Conditional RNN is one of the possible solutions if we’d like to make use of static features in time series forecasting. For example, we want to build a model, which can handle multiple time series with many different characteristics. It can be a model for demand forecasting for multiple products or a unified model forecasting temperature in places from different climate zones.

We have at least a couple of options to do so. They are described in detail in the following thread on StackOverlow. According to the answers, the best way to add static features is to use this values to produce an initial hidden state of the recurrent layer. The proposed solution was implemented as a Keras wrapper to recurrent layers (in Python).

This post is a trial to implement conditional RNN in keras for R.

Loading the data

We’ll use a piece of data from an experiment performed by the author of the aforementioned Keras wrapper. We’re selecting two cities with extreme temperatures, e.g. Cairo and Helsinki.
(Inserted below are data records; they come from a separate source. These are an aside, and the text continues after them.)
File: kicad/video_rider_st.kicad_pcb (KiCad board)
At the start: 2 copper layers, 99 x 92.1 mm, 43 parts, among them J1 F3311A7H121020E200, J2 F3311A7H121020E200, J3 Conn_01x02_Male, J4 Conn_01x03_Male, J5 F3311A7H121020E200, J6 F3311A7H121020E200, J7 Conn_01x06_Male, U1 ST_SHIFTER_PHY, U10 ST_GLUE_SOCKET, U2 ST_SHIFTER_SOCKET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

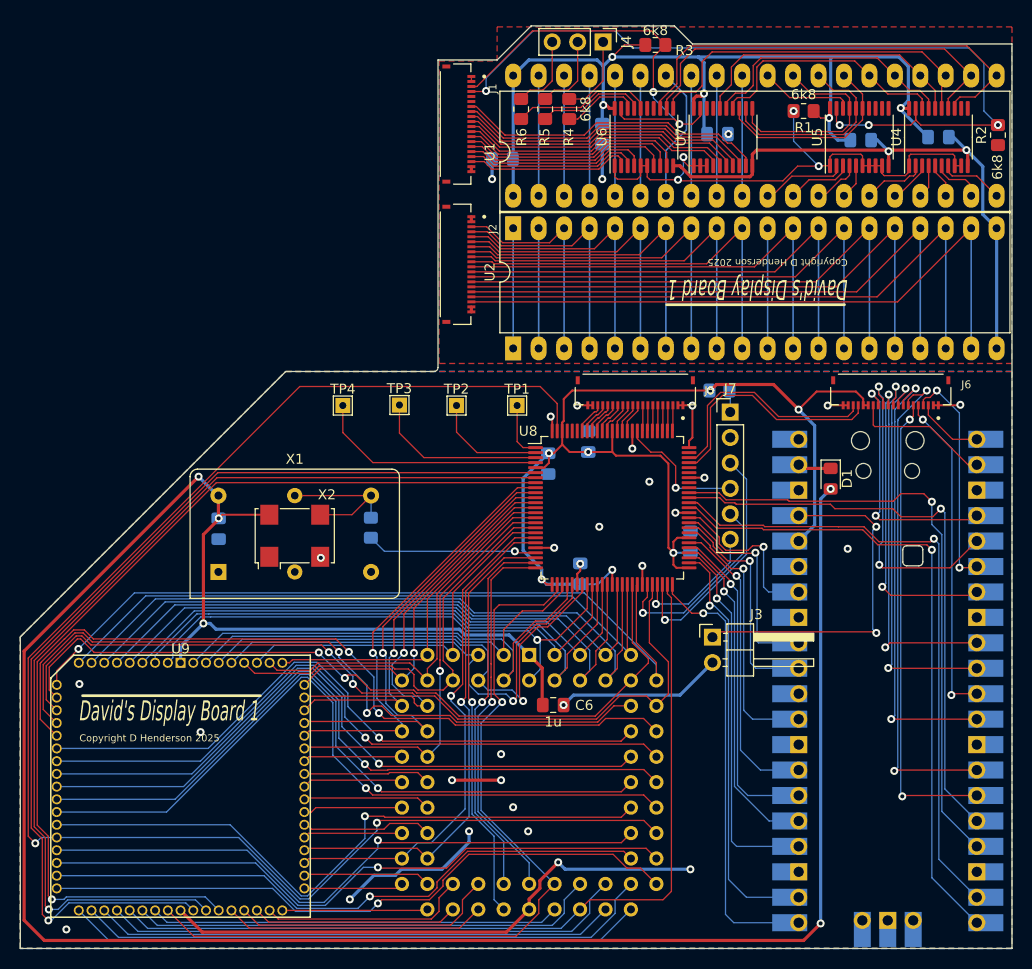
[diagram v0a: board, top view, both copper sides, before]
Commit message: Passing DRC with corrected PLCC orientation.
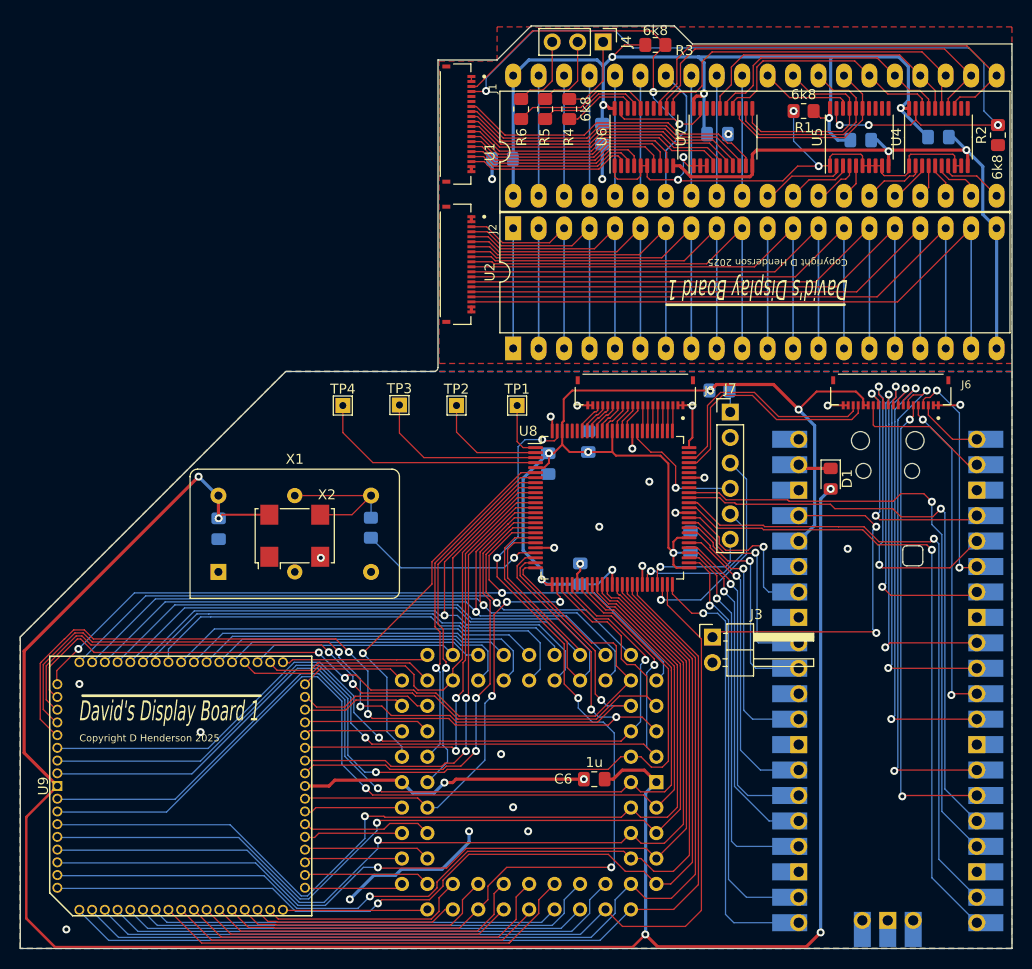
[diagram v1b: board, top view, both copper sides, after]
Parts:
- moved U10 18.0 mm to (163.1, 127.6), turned to 90 degrees
- moved U9 17.4 mm to (103.3, 128.0), turned to 90 degrees
- moved C6 8.46 mm to (156.9, 127.3), turned to 180 degrees
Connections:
- U8 pad 10: /A2 -> /LDS
- U8 pad 11: /A3 -> /UDS
- U8 pad 12: /A4 -> /VSYNC_OUT
- U8 pad 13: /A5 -> /HSYNC_OUT
- U8 pad 14: /A6 -> /A3
- U8 pad 15: /A7 -> /A4
- U8 pad 16: /RW_C -> /BLANK_OUT
- U8 pad 17: /A9 -> /A5
- U8 pad 18: /A8 -> /A6
- U8 pad 19: /LDS -> /A2
- U8 pad 20: /UDS -> /A1
- U8 pad 23: /HSYNC -> /A10
- U8 pad 24: /VSYNC -> /A9
- U8 pad 25: /BLANK -> /A7
- U8 pad 28: /A12 -> /A8
- U8 pad 29: /A13 -> /A11
- U8 pad 30: /A10 -> /A12
- U8 pad 32: /A11 -> /A13
- U8 pad 46: /AS -> unconnected-(U8-Pad46)
- U8 pad 49: /DTACK -> /AS
- U8 pad 6: /BLANK_OUT -> /HSYNC
- U8 pad 7: /HSYNC_OUT -> /VSYNC
- U8 pad 8: /VSYNC_OUT -> /BLANK
- U8 pad 9: /A1 -> /RW_C
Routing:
- net /DTACK: track 87.2 -> 9.89 mm
- net /RESET: track 155.3 -> 95.5 mm, vias 2 -> 4
- net /BLANK_OUT: track 100.3 -> 45.5 mm, vias 1 -> 2
- net /VSYNC_OUT: track 98.8 -> 44.3 mm, vias 1 -> 2
- net /HSYNC_OUT: track 99.6 -> 45.3 mm, vias 1 -> 2
- net /A8: track 37.6 -> 89.6 mm, vias 0 -> 2
- net /A10: track 49.1 -> 100.6 mm, vias 1 -> 4
- net /FCS: track 64.8 -> 14.4 mm, vias 1 -> 0
- net /A9: track 44.4 -> 94.2 mm, vias 0 -> 3
- net /A12: track 42.2 -> 91.3 mm, vias 0 -> 2
- net /GND_C: track 117.1 -> 68.5 mm, vias 28 -> 25
- net /BGI: track 57.6 -> 9.30 mm
- net /A15: track 53.1 -> 101.4 mm, vias 0 -> 1
- net /A7: track 39.1 -> 85.6 mm, vias 0 -> 2
- net /A13: track 50.0 -> 96.1 mm, vias 0 -> 1

library(data.table, warn.conflicts = FALSE)
library(dplyr, warn.conflicts = FALSE)
library(lubridate)
library(ggplot2)
library(imputeTS
library(timetk)
library(rsample)
library(parsnip)

# url <- "https://github.com/philipperemy/cond_rnn/raw/master/examples/temperature/city_temperature.csv.zip"
file_path <- "city_temperature.csv.zip"
csv_path <- "city_temperature.csv"

# download.file(url, file_path)
# unzip(file_path)

city_temperature <- read.csv(csv_path)
setDT(city_temperature)

selected_cities <-
 city_temperature[City %chin% c('Cairo', 'Helsinki')]

selected_cities[
 , Date := ymd(glue::glue("{Year}-{Month}-{Day}", .envir = .SD))
]

selected_cities <-
 selected_cities[, .(City, Date, AvgTemperature)]
setorder(selected_cities, City, Date)

plt <-
 ggplot(selected_cities) +
 geom_line(aes(Date, AvgTemperature, col = City)) +
 theme_minimal() +
 ggtitle("Temperature: Cairo vs Helsinki")

plt

There is a couple of outliers and we can safely assume they simply indicate lack of data. We’ll replace it with interpolated values.

Initially, I’ve chosen Oslo, but there were a few corrupted year numbers:

city_temperature[City == 'Oslo' & Year == 200]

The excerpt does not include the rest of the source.